Both the Lutify profiles (in fact all profiles), AND all the VSCO presets have been correctly designed to exclude Exposure and Colour Temperature. This is of course vital for a meaningful workflow for someone like me who prefers to get the basic image corrections done before applying and comparing various preset or profile effects using Virtual Copies.
However, now I discover that the ACR conversion engine transfers ALL the Basic panel settings so therefore one would have to go back to re-adjust esposure and colour balance each time because the Profile you've created is technically only right for the base image that you'd chosen to do the conversion with in the first place.
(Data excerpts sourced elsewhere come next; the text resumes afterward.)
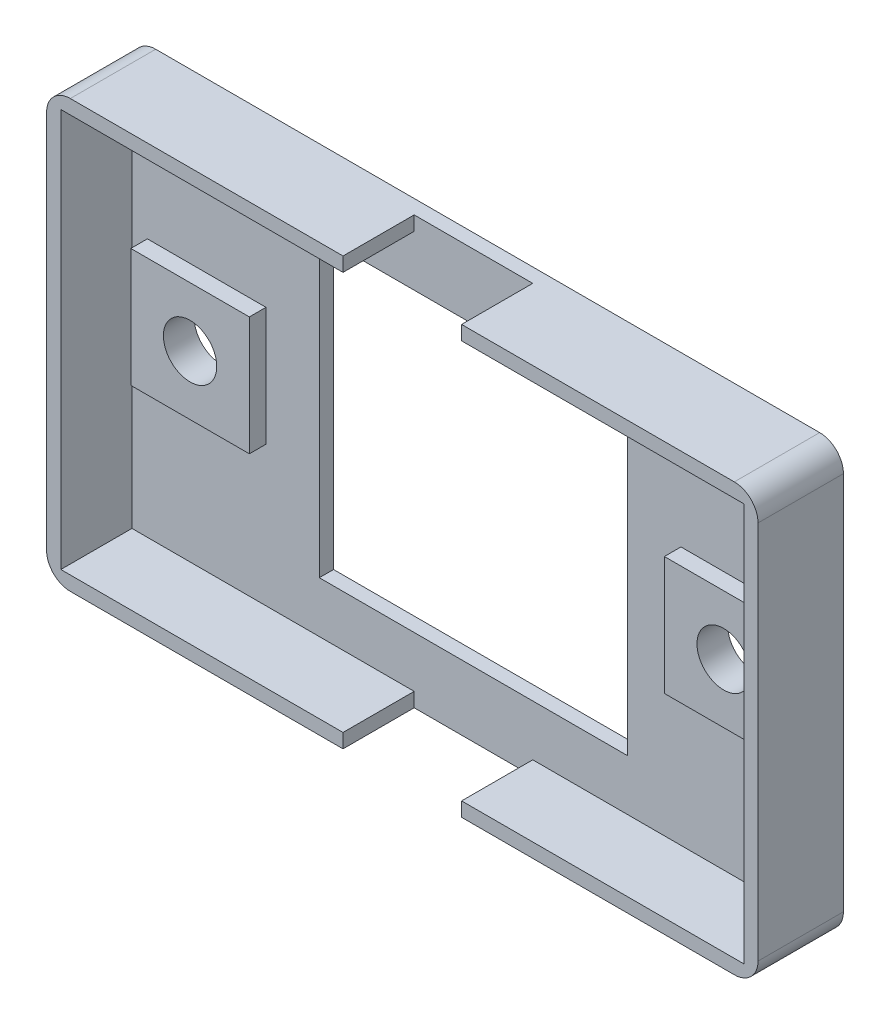
ISO-10303-21;
HEADER;
FILE_DESCRIPTION(('STEP AP214'),'2;1');
FILE_NAME('part.step','',(''),(''),'','','');
FILE_SCHEMA(('AUTOMOTIVE_DESIGN { 1 0 10303 214 1 1 1 1 }'));
ENDSEC;
DATA;
#1=APPLICATION_CONTEXT('core data for automotive mechanical design processes');
#2=APPLICATION_PROTOCOL_DEFINITION('international standard','automotive_design',2000,#1);
#3=PRODUCT_CONTEXT('',#1,'mechanical');
#4=PRODUCT('Part','Part','',(#3));
#5=PRODUCT_RELATED_PRODUCT_CATEGORY('part','',(#4));
#6=PRODUCT_DEFINITION_FORMATION('','',#4);
#7=PRODUCT_DEFINITION_CONTEXT('part definition',#1,'design');
#8=PRODUCT_DEFINITION('design','',#6,#7);
#9=PRODUCT_DEFINITION_SHAPE('','',#8);
#10=(LENGTH_UNIT() NAMED_UNIT(*) SI_UNIT(.MILLI.,.METRE.));
#11=(NAMED_UNIT(*) PLANE_ANGLE_UNIT() SI_UNIT($,.RADIAN.));
#12=(NAMED_UNIT(*) SI_UNIT($,.STERADIAN.) SOLID_ANGLE_UNIT());
#13=UNCERTAINTY_MEASURE_WITH_UNIT(LENGTH_MEASURE(1.E-05),#10,'distance_accuracy_value','');
#14=(GEOMETRIC_REPRESENTATION_CONTEXT(3) GLOBAL_UNCERTAINTY_ASSIGNED_CONTEXT((#13)) GLOBAL_UNIT_ASSIGNED_CONTEXT((#10,
#11,#12)) REPRESENTATION_CONTEXT('',''));
#15=CARTESIAN_POINT('',(0.,0.,0.));
#16=DIRECTION('',(0.,0.,1.));
#17=DIRECTION('',(1.,0.,0.));
#18=AXIS2_PLACEMENT_3D('',#15,#16,#17);
#19=CARTESIAN_POINT('',(0.,0.,1.2));
#20=DIRECTION('',(0.,0.,1.));
#21=DIRECTION('',(1.,0.,0.));
#22=AXIS2_PLACEMENT_3D('',#19,#20,#21);
#23=PLANE('',#22);
#24=DIRECTION('',(0.,1.,0.));
#25=VECTOR('',#24,1.);
#26=CARTESIAN_POINT('',(4.99999999999999,0.,1.2));
#27=LINE('',#26,#25);
#28=CARTESIAN_POINT('',(5.,-18.,1.2));
#29=VERTEX_POINT('',#28);
#30=CARTESIAN_POINT('',(5.,-16.8,1.2));
#31=VERTEX_POINT('',#30);
#32=EDGE_CURVE('E250',#29,#31,#27,.T.);
#33=ORIENTED_EDGE('',*,*,#32,.T.);
#34=DIRECTION('',(1.,0.,0.));
#35=VECTOR('',#34,1.);
#36=CARTESIAN_POINT('',(0.,-16.8,1.2));
#37=LINE('',#36,#35);
#38=CARTESIAN_POINT('',(28.8,-16.8,1.2));
#39=VERTEX_POINT('',#38);
#40=EDGE_CURVE('E266',#31,#39,#37,.T.);
#41=ORIENTED_EDGE('',*,*,#40,.T.);
#42=DIRECTION('',(0.,-1.,0.));
#43=VECTOR('',#42,1.);
#44=CARTESIAN_POINT('',(28.8,0.,1.2));
#45=LINE('',#44,#43);
#46=CARTESIAN_POINT('',(28.8,16.8,1.2));
#47=VERTEX_POINT('',#46);
#48=EDGE_CURVE('E268',#47,#39,#45,.T.);
#49=ORIENTED_EDGE('',*,*,#48,.F.);
#50=DIRECTION('',(1.,0.,0.));
#51=VECTOR('',#50,1.);
#52=CARTESIAN_POINT('',(0.,16.8,1.2));
#53=LINE('',#52,#51);
#54=CARTESIAN_POINT('',(5.,16.8,1.2));
#55=VERTEX_POINT('',#54);
#56=EDGE_CURVE('E289',#55,#47,#53,.T.);
#57=ORIENTED_EDGE('',*,*,#56,.F.);
#58=DIRECTION('',(0.,-1.,0.));
#59=VECTOR('',#58,1.);
#60=CARTESIAN_POINT('',(4.99999999999999,0.,1.2));
#61=LINE('',#60,#59);
#62=CARTESIAN_POINT('',(5.,18.,1.2));
#63=VERTEX_POINT('',#62);
#64=EDGE_CURVE('E286',#63,#55,#61,.T.);
#65=ORIENTED_EDGE('',*,*,#64,.F.);
#66=DIRECTION('',(-1.,0.,0.));
#67=VECTOR('',#66,1.);
#68=CARTESIAN_POINT('',(-30.,18.,1.2));
#69=LINE('',#68,#67);
#70=CARTESIAN_POINT('',(-5.,18.,1.2));
#71=VERTEX_POINT('',#70);
#72=EDGE_CURVE('E450',#63,#71,#69,.T.);
#73=ORIENTED_EDGE('',*,*,#72,.T.);
#74=DIRECTION('',(0.,-1.,0.));
#75=VECTOR('',#74,1.);
#76=CARTESIAN_POINT('',(-5.,0.,1.2));
#77=LINE('',#76,#75);
#78=CARTESIAN_POINT('',(-5.,16.8,1.2));
#79=VERTEX_POINT('',#78);
#80=EDGE_CURVE('E309',#71,#79,#77,.T.);
#81=ORIENTED_EDGE('',*,*,#80,.T.);
#82=DIRECTION('',(1.,0.,0.));
#83=VECTOR('',#82,1.);
#84=CARTESIAN_POINT('',(0.,16.8,1.2));
#85=LINE('',#84,#83);
#86=CARTESIAN_POINT('',(-28.8,16.8,1.2));
#87=VERTEX_POINT('',#86);
#88=EDGE_CURVE('E335',#87,#79,#85,.T.);
#89=ORIENTED_EDGE('',*,*,#88,.F.);
#90=DIRECTION('',(0.,-1.,0.));
#91=VECTOR('',#90,1.);
#92=CARTESIAN_POINT('',(-28.8,0.,1.2));
#93=LINE('',#92,#91);
#94=CARTESIAN_POINT('',(-28.8,-16.8,1.2));
#95=VERTEX_POINT('',#94);
#96=EDGE_CURVE('E333',#87,#95,#93,.T.);
#97=ORIENTED_EDGE('',*,*,#96,.T.);
#98=DIRECTION('',(1.,0.,0.));
#99=VECTOR('',#98,1.);
#100=CARTESIAN_POINT('',(0.,-16.8,1.2));
#101=LINE('',#100,#99);
#102=CARTESIAN_POINT('',(-5.,-16.8,1.2));
#103=VERTEX_POINT('',#102);
#104=EDGE_CURVE('E331',#95,#103,#101,.T.);
#105=ORIENTED_EDGE('',*,*,#104,.T.);
#106=DIRECTION('',(0.,1.,0.));
#107=VECTOR('',#106,1.);
#108=CARTESIAN_POINT('',(-5.,0.,1.2));
#109=LINE('',#108,#107);
#110=CARTESIAN_POINT('',(-5.,-18.,1.2));
#111=VERTEX_POINT('',#110);
#112=EDGE_CURVE('E252',#111,#103,#109,.T.);
#113=ORIENTED_EDGE('',*,*,#112,.F.);
#114=DIRECTION('',(1.,0.,0.));
#115=VECTOR('',#114,1.);
#116=CARTESIAN_POINT('',(-30.,-18.,1.2));
#117=LINE('',#116,#115);
#118=EDGE_CURVE('E452',#111,#29,#117,.T.);
#119=ORIENTED_EDGE('',*,*,#118,.T.);
#120=EDGE_LOOP('',(#33,#41,#49,#57,#65,#73,#81,#89,#97,#105,#113,#119));
#121=FACE_BOUND('',#120,.T.);
#122=DIRECTION('',(0.,-1.,0.));
#123=VECTOR('',#122,1.);
#124=CARTESIAN_POINT('',(27.5,0.,1.2));
#125=LINE('',#124,#123);
#126=CARTESIAN_POINT('',(27.5,5.,1.2));
#127=VERTEX_POINT('',#126);
#128=CARTESIAN_POINT('',(27.5,-5.,1.2));
#129=VERTEX_POINT('',#128);
#130=EDGE_CURVE('E356',#127,#129,#125,.T.);
#131=ORIENTED_EDGE('',*,*,#130,.T.);
#132=DIRECTION('',(1.,0.,0.));
#133=VECTOR('',#132,1.);
#134=CARTESIAN_POINT('',(0.,-5.,1.2));
#135=LINE('',#134,#133);
#136=CARTESIAN_POINT('',(17.5,-5.,1.2));
#137=VERTEX_POINT('',#136);
#138=EDGE_CURVE('E361',#137,#129,#135,.T.);
#139=ORIENTED_EDGE('',*,*,#138,.F.);
#140=DIRECTION('',(0.,-1.,0.));
#141=VECTOR('',#140,1.);
#142=CARTESIAN_POINT('',(17.5,0.,1.2));
#143=LINE('',#142,#141);
#144=CARTESIAN_POINT('',(17.5,5.,1.2));
#145=VERTEX_POINT('',#144);
#146=EDGE_CURVE('E374',#145,#137,#143,.T.);
#147=ORIENTED_EDGE('',*,*,#146,.F.);
#148=DIRECTION('',(1.,0.,0.));
#149=VECTOR('',#148,1.);
#150=CARTESIAN_POINT('',(0.,5.,1.2));
#151=LINE('',#150,#149);
#152=EDGE_CURVE('E371',#145,#127,#151,.T.);
#153=ORIENTED_EDGE('',*,*,#152,.T.);
#154=EDGE_LOOP('',(#131,#139,#147,#153));
#155=FACE_BOUND('',#154,.T.);
#156=DIRECTION('',(0.,-1.,0.));
#157=VECTOR('',#156,1.);
#158=CARTESIAN_POINT('',(-17.5,0.,1.2));
#159=LINE('',#158,#157);
#160=CARTESIAN_POINT('',(-17.5,5.,1.2));
#161=VERTEX_POINT('',#160);
#162=CARTESIAN_POINT('',(-17.5,-5.,1.2));
#163=VERTEX_POINT('',#162);
#164=EDGE_CURVE('E386',#161,#163,#159,.T.);
#165=ORIENTED_EDGE('',*,*,#164,.T.);
#166=DIRECTION('',(-1.,0.,0.));
#167=VECTOR('',#166,1.);
#168=CARTESIAN_POINT('',(0.,-5.,1.2));
#169=LINE('',#168,#167);
#170=CARTESIAN_POINT('',(-27.5,-5.,1.2));
#171=VERTEX_POINT('',#170);
#172=EDGE_CURVE('E391',#163,#171,#169,.T.);
#173=ORIENTED_EDGE('',*,*,#172,.T.);
#174=DIRECTION('',(0.,-1.,0.));
#175=VECTOR('',#174,1.);
#176=CARTESIAN_POINT('',(-27.5,0.,1.2));
#177=LINE('',#176,#175);
#178=CARTESIAN_POINT('',(-27.5,5.,1.2));
#179=VERTEX_POINT('',#178);
#180=EDGE_CURVE('E403',#179,#171,#177,.T.);
#181=ORIENTED_EDGE('',*,*,#180,.F.);
#182=DIRECTION('',(-1.,0.,0.));
#183=VECTOR('',#182,1.);
#184=CARTESIAN_POINT('',(0.,5.,1.2));
#185=LINE('',#184,#183);
#186=EDGE_CURVE('E400',#161,#179,#185,.T.);
#187=ORIENTED_EDGE('',*,*,#186,.F.);
#188=EDGE_LOOP('',(#165,#173,#181,#187));
#189=FACE_BOUND('',#188,.T.);
#190=DIRECTION('',(-1.,0.,0.));
#191=VECTOR('',#190,1.);
#192=CARTESIAN_POINT('',(-13.,12.5,1.2));
#193=LINE('',#192,#191);
#194=CARTESIAN_POINT('',(13.,12.5,1.2));
#195=VERTEX_POINT('',#194);
#196=CARTESIAN_POINT('',(-13.,12.5,1.2));
#197=VERTEX_POINT('',#196);
#198=EDGE_CURVE('E421',#195,#197,#193,.T.);
#199=ORIENTED_EDGE('',*,*,#198,.F.);
#200=DIRECTION('',(0.,1.,0.));
#201=VECTOR('',#200,1.);
#202=CARTESIAN_POINT('',(13.,12.5,1.2));
#203=LINE('',#202,#201);
#204=CARTESIAN_POINT('',(13.,-12.5,1.2));
#205=VERTEX_POINT('',#204);
#206=EDGE_CURVE('E419',#205,#195,#203,.T.);
#207=ORIENTED_EDGE('',*,*,#206,.F.);
#208=DIRECTION('',(1.,0.,0.));
#209=VECTOR('',#208,1.);
#210=CARTESIAN_POINT('',(-13.,-12.5,1.2));
#211=LINE('',#210,#209);
#212=CARTESIAN_POINT('',(-13.,-12.5,1.2));
#213=VERTEX_POINT('',#212);
#214=EDGE_CURVE('E427',#213,#205,#211,.T.);
#215=ORIENTED_EDGE('',*,*,#214,.F.);
#216=DIRECTION('',(0.,-1.,0.));
#217=VECTOR('',#216,1.);
#218=CARTESIAN_POINT('',(-13.,12.5,1.2));
#219=LINE('',#218,#217);
#220=EDGE_CURVE('E424',#197,#213,#219,.T.);
#221=ORIENTED_EDGE('',*,*,#220,.F.);
#222=EDGE_LOOP('',(#199,#207,#215,#221));
#223=FACE_BOUND('',#222,.T.);
#224=ADVANCED_FACE('F33',(#121,#155,#189,#223),#23,.T.);
#225=CARTESIAN_POINT('',(0.,0.,0.));
#226=DIRECTION('',(0.,0.,1.));
#227=DIRECTION('',(1.,0.,0.));
#228=AXIS2_PLACEMENT_3D('',#225,#226,#227);
#229=PLANE('',#228);
#230=CARTESIAN_POINT('',(-22.5,0.,0.));
#231=DIRECTION('',(0.,0.,1.));
#232=DIRECTION('',(1.,0.,0.));
#233=AXIS2_PLACEMENT_3D('',#230,#231,#232);
#234=CIRCLE('',#233,2.25);
#235=CARTESIAN_POINT('',(-20.25,0.,0.));
#236=VERTEX_POINT('',#235);
#237=EDGE_CURVE('E972',#236,#236,#234,.T.);
#238=ORIENTED_EDGE('',*,*,#237,.T.);
#239=EDGE_LOOP('',(#238));
#240=FACE_BOUND('',#239,.T.);
#241=CARTESIAN_POINT('',(22.5,0.,0.));
#242=DIRECTION('',(0.,0.,1.));
#243=DIRECTION('',(1.,0.,0.));
#244=AXIS2_PLACEMENT_3D('',#241,#242,#243);
#245=CIRCLE('',#244,2.25);
#246=CARTESIAN_POINT('',(24.75,0.,0.));
#247=VERTEX_POINT('',#246);
#248=EDGE_CURVE('E271',#247,#247,#245,.T.);
#249=ORIENTED_EDGE('',*,*,#248,.T.);
#250=EDGE_LOOP('',(#249));
#251=FACE_BOUND('',#250,.T.);
#252=DIRECTION('',(0.,-1.,0.));
#253=VECTOR('',#252,1.);
#254=CARTESIAN_POINT('',(-30.,18.,0.));
#255=LINE('',#254,#253);
#256=CARTESIAN_POINT('',(-30.,16.,0.));
#257=VERTEX_POINT('',#256);
#258=CARTESIAN_POINT('',(-30.,-16.,0.));
#259=VERTEX_POINT('',#258);
#260=EDGE_CURVE('E460',#257,#259,#255,.T.);
#261=ORIENTED_EDGE('',*,*,#260,.F.);
#262=CARTESIAN_POINT('',(-28.,16.,0.));
#263=DIRECTION('',(0.,0.,1.));
#264=DIRECTION('',(1.,0.,0.));
#265=AXIS2_PLACEMENT_3D('',#262,#263,#264);
#266=CIRCLE('',#265,2.);
#267=CARTESIAN_POINT('',(-28.,18.,0.));
#268=VERTEX_POINT('',#267);
#269=EDGE_CURVE('E474',#257,#268,#266,.F.);
#270=ORIENTED_EDGE('',*,*,#269,.T.);
#271=DIRECTION('',(-1.,0.,0.));
#272=VECTOR('',#271,1.);
#273=CARTESIAN_POINT('',(-30.,18.,0.));
#274=LINE('',#273,#272);
#275=CARTESIAN_POINT('',(28.,18.,0.));
#276=VERTEX_POINT('',#275);
#277=EDGE_CURVE('E457',#276,#268,#274,.T.);
#278=ORIENTED_EDGE('',*,*,#277,.F.);
#279=CARTESIAN_POINT('',(28.,16.,0.));
#280=DIRECTION('',(0.,0.,1.));
#281=DIRECTION('',(1.,0.,0.));
#282=AXIS2_PLACEMENT_3D('',#279,#280,#281);
#283=CIRCLE('',#282,2.);
#284=CARTESIAN_POINT('',(30.,16.,0.));
#285=VERTEX_POINT('',#284);
#286=EDGE_CURVE('E470',#276,#285,#283,.F.);
#287=ORIENTED_EDGE('',*,*,#286,.T.);
#288=DIRECTION('',(0.,1.,0.));
#289=VECTOR('',#288,1.);
#290=CARTESIAN_POINT('',(30.,18.,0.));
#291=LINE('',#290,#289);
#292=CARTESIAN_POINT('',(30.,-16.,0.));
#293=VERTEX_POINT('',#292);
#294=EDGE_CURVE('E449',#293,#285,#291,.T.);
#295=ORIENTED_EDGE('',*,*,#294,.F.);
#296=CARTESIAN_POINT('',(28.,-16.,0.));
#297=DIRECTION('',(0.,0.,1.));
#298=DIRECTION('',(1.,0.,0.));
#299=AXIS2_PLACEMENT_3D('',#296,#297,#298);
#300=CIRCLE('',#299,2.);
#301=CARTESIAN_POINT('',(28.,-18.,0.));
#302=VERTEX_POINT('',#301);
#303=EDGE_CURVE('E468',#293,#302,#300,.F.);
#304=ORIENTED_EDGE('',*,*,#303,.T.);
#305=DIRECTION('',(1.,0.,0.));
#306=VECTOR('',#305,1.);
#307=CARTESIAN_POINT('',(-30.,-18.,0.));
#308=LINE('',#307,#306);
#309=CARTESIAN_POINT('',(-28.,-18.,0.));
#310=VERTEX_POINT('',#309);
#311=EDGE_CURVE('E453',#310,#302,#308,.T.);
#312=ORIENTED_EDGE('',*,*,#311,.F.);
#313=CARTESIAN_POINT('',(-28.,-16.,0.));
#314=DIRECTION('',(0.,0.,1.));
#315=DIRECTION('',(1.,0.,0.));
#316=AXIS2_PLACEMENT_3D('',#313,#314,#315);
#317=CIRCLE('',#316,2.);
#318=EDGE_CURVE('E472',#310,#259,#317,.F.);
#319=ORIENTED_EDGE('',*,*,#318,.T.);
#320=EDGE_LOOP('',(#261,#270,#278,#287,#295,#304,#312,#319));
#321=FACE_BOUND('',#320,.T.);
#322=DIRECTION('',(0.,1.,0.));
#323=VECTOR('',#322,1.);
#324=CARTESIAN_POINT('',(13.,12.5,0.));
#325=LINE('',#324,#323);
#326=CARTESIAN_POINT('',(13.,-12.5,0.));
#327=VERTEX_POINT('',#326);
#328=CARTESIAN_POINT('',(13.,12.5,0.));
#329=VERTEX_POINT('',#328);
#330=EDGE_CURVE('E418',#327,#329,#325,.T.);
#331=ORIENTED_EDGE('',*,*,#330,.T.);
#332=DIRECTION('',(-1.,0.,0.));
#333=VECTOR('',#332,1.);
#334=CARTESIAN_POINT('',(-13.,12.5,0.));
#335=LINE('',#334,#333);
#336=CARTESIAN_POINT('',(-13.,12.5,0.));
#337=VERTEX_POINT('',#336);
#338=EDGE_CURVE('E432',#329,#337,#335,.T.);
#339=ORIENTED_EDGE('',*,*,#338,.T.);
#340=DIRECTION('',(0.,-1.,0.));
#341=VECTOR('',#340,1.);
#342=CARTESIAN_POINT('',(-13.,12.5,0.));
#343=LINE('',#342,#341);
#344=CARTESIAN_POINT('',(-13.,-12.5,0.));
#345=VERTEX_POINT('',#344);
#346=EDGE_CURVE('E435',#337,#345,#343,.T.);
#347=ORIENTED_EDGE('',*,*,#346,.T.);
#348=DIRECTION('',(1.,0.,0.));
#349=VECTOR('',#348,1.);
#350=CARTESIAN_POINT('',(-13.,-12.5,0.));
#351=LINE('',#350,#349);
#352=EDGE_CURVE('E422',#345,#327,#351,.T.);
#353=ORIENTED_EDGE('',*,*,#352,.T.);
#354=EDGE_LOOP('',(#331,#339,#347,#353));
#355=FACE_BOUND('',#354,.T.);
#356=ADVANCED_FACE('F498',(#240,#251,#321,#355),#229,.F.);
#357=CARTESIAN_POINT('',(30.,18.,1.2));
#358=DIRECTION('',(-1.,0.,0.));
#359=DIRECTION('',(0.,0.,1.));
#360=AXIS2_PLACEMENT_3D('',#357,#358,#359);
#361=PLANE('',#360);
#362=ORIENTED_EDGE('',*,*,#294,.T.);
#363=DIRECTION('',(0.,0.,-1.));
#364=VECTOR('',#363,1.);
#365=CARTESIAN_POINT('',(30.,16.,1.2));
#366=LINE('',#365,#364);
#367=CARTESIAN_POINT('',(30.,16.,7.2));
#368=VERTEX_POINT('',#367);
#369=EDGE_CURVE('E48',#285,#368,#366,.F.);
#370=ORIENTED_EDGE('',*,*,#369,.T.);
#371=DIRECTION('',(0.,1.,0.));
#372=VECTOR('',#371,1.);
#373=CARTESIAN_POINT('',(30.,0.,7.2));
#374=LINE('',#373,#372);
#375=CARTESIAN_POINT('',(30.,-16.,7.2));
#376=VERTEX_POINT('',#375);
#377=EDGE_CURVE('E261',#376,#368,#374,.T.);
#378=ORIENTED_EDGE('',*,*,#377,.F.);
#379=DIRECTION('',(0.,0.,-1.));
#380=VECTOR('',#379,1.);
#381=CARTESIAN_POINT('',(30.,-16.,1.2));
#382=LINE('',#381,#380);
#383=EDGE_CURVE('E489',#376,#293,#382,.T.);
#384=ORIENTED_EDGE('',*,*,#383,.T.);
#385=EDGE_LOOP('',(#362,#370,#378,#384));
#386=FACE_BOUND('',#385,.T.);
#387=ADVANCED_FACE('F494',(#386),#361,.F.);
#388=CARTESIAN_POINT('',(-30.,18.,1.2));
#389=DIRECTION('',(0.,-1.,0.));
#390=DIRECTION('',(0.,0.,-1.));
#391=AXIS2_PLACEMENT_3D('',#388,#389,#390);
#392=PLANE('',#391);
#393=ORIENTED_EDGE('',*,*,#277,.T.);
#394=DIRECTION('',(0.,0.,-1.));
#395=VECTOR('',#394,1.);
#396=CARTESIAN_POINT('',(-28.,18.,1.2));
#397=LINE('',#396,#395);
#398=CARTESIAN_POINT('',(-28.,18.,7.2));
#399=VERTEX_POINT('',#398);
#400=EDGE_CURVE('E479',#268,#399,#397,.F.);
#401=ORIENTED_EDGE('',*,*,#400,.T.);
#402=DIRECTION('',(-1.,0.,0.));
#403=VECTOR('',#402,1.);
#404=CARTESIAN_POINT('',(0.,18.,7.2));
#405=LINE('',#404,#403);
#406=CARTESIAN_POINT('',(-5.,18.,7.2));
#407=VERTEX_POINT('',#406);
#408=EDGE_CURVE('E322',#407,#399,#405,.T.);
#409=ORIENTED_EDGE('',*,*,#408,.F.);
#410=DIRECTION('',(0.,0.,-1.));
#411=VECTOR('',#410,1.);
#412=CARTESIAN_POINT('',(-5.,18.,7.2));
#413=LINE('',#412,#411);
#414=EDGE_CURVE('E328',#407,#71,#413,.T.);
#415=ORIENTED_EDGE('',*,*,#414,.T.);
#416=ORIENTED_EDGE('',*,*,#72,.F.);
#417=DIRECTION('',(0.,0.,-1.));
#418=VECTOR('',#417,1.);
#419=CARTESIAN_POINT('',(5.,18.,7.2));
#420=LINE('',#419,#418);
#421=CARTESIAN_POINT('',(5.,18.,7.2));
#422=VERTEX_POINT('',#421);
#423=EDGE_CURVE('E253',#422,#63,#420,.T.);
#424=ORIENTED_EDGE('',*,*,#423,.F.);
#425=DIRECTION('',(-1.,0.,0.));
#426=VECTOR('',#425,1.);
#427=CARTESIAN_POINT('',(0.,18.,7.2));
#428=LINE('',#427,#426);
#429=CARTESIAN_POINT('',(28.,18.,7.2));
#430=VERTEX_POINT('',#429);
#431=EDGE_CURVE('E275',#430,#422,#428,.T.);
#432=ORIENTED_EDGE('',*,*,#431,.F.);
#433=DIRECTION('',(0.,0.,-1.));
#434=VECTOR('',#433,1.);
#435=CARTESIAN_POINT('',(28.,18.,1.2));
#436=LINE('',#435,#434);
#437=EDGE_CURVE('E476',#430,#276,#436,.T.);
#438=ORIENTED_EDGE('',*,*,#437,.T.);
#439=EDGE_LOOP('',(#393,#401,#409,#415,#416,#424,#432,#438));
#440=FACE_BOUND('',#439,.T.);
#441=ADVANCED_FACE('F508',(#440),#392,.F.);
#442=CARTESIAN_POINT('',(-30.,18.,1.2));
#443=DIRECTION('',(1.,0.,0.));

I think this is  a terrible thing that needs fixing. I suppose one could do a workaround with CT by making every Profile with a Daylight balance, for example, but the Exposure settings are going to vary between image to image and as I say I think it's a poor intrusion into the Lightroom workflow because one will always have to edit Exposure twice. Actually, I'm astonished that Adobe doesn't seem to have thought this through properly by simply modifying the tickbox panel.

Maybe I'm missing something here, so ideas and advice welcome!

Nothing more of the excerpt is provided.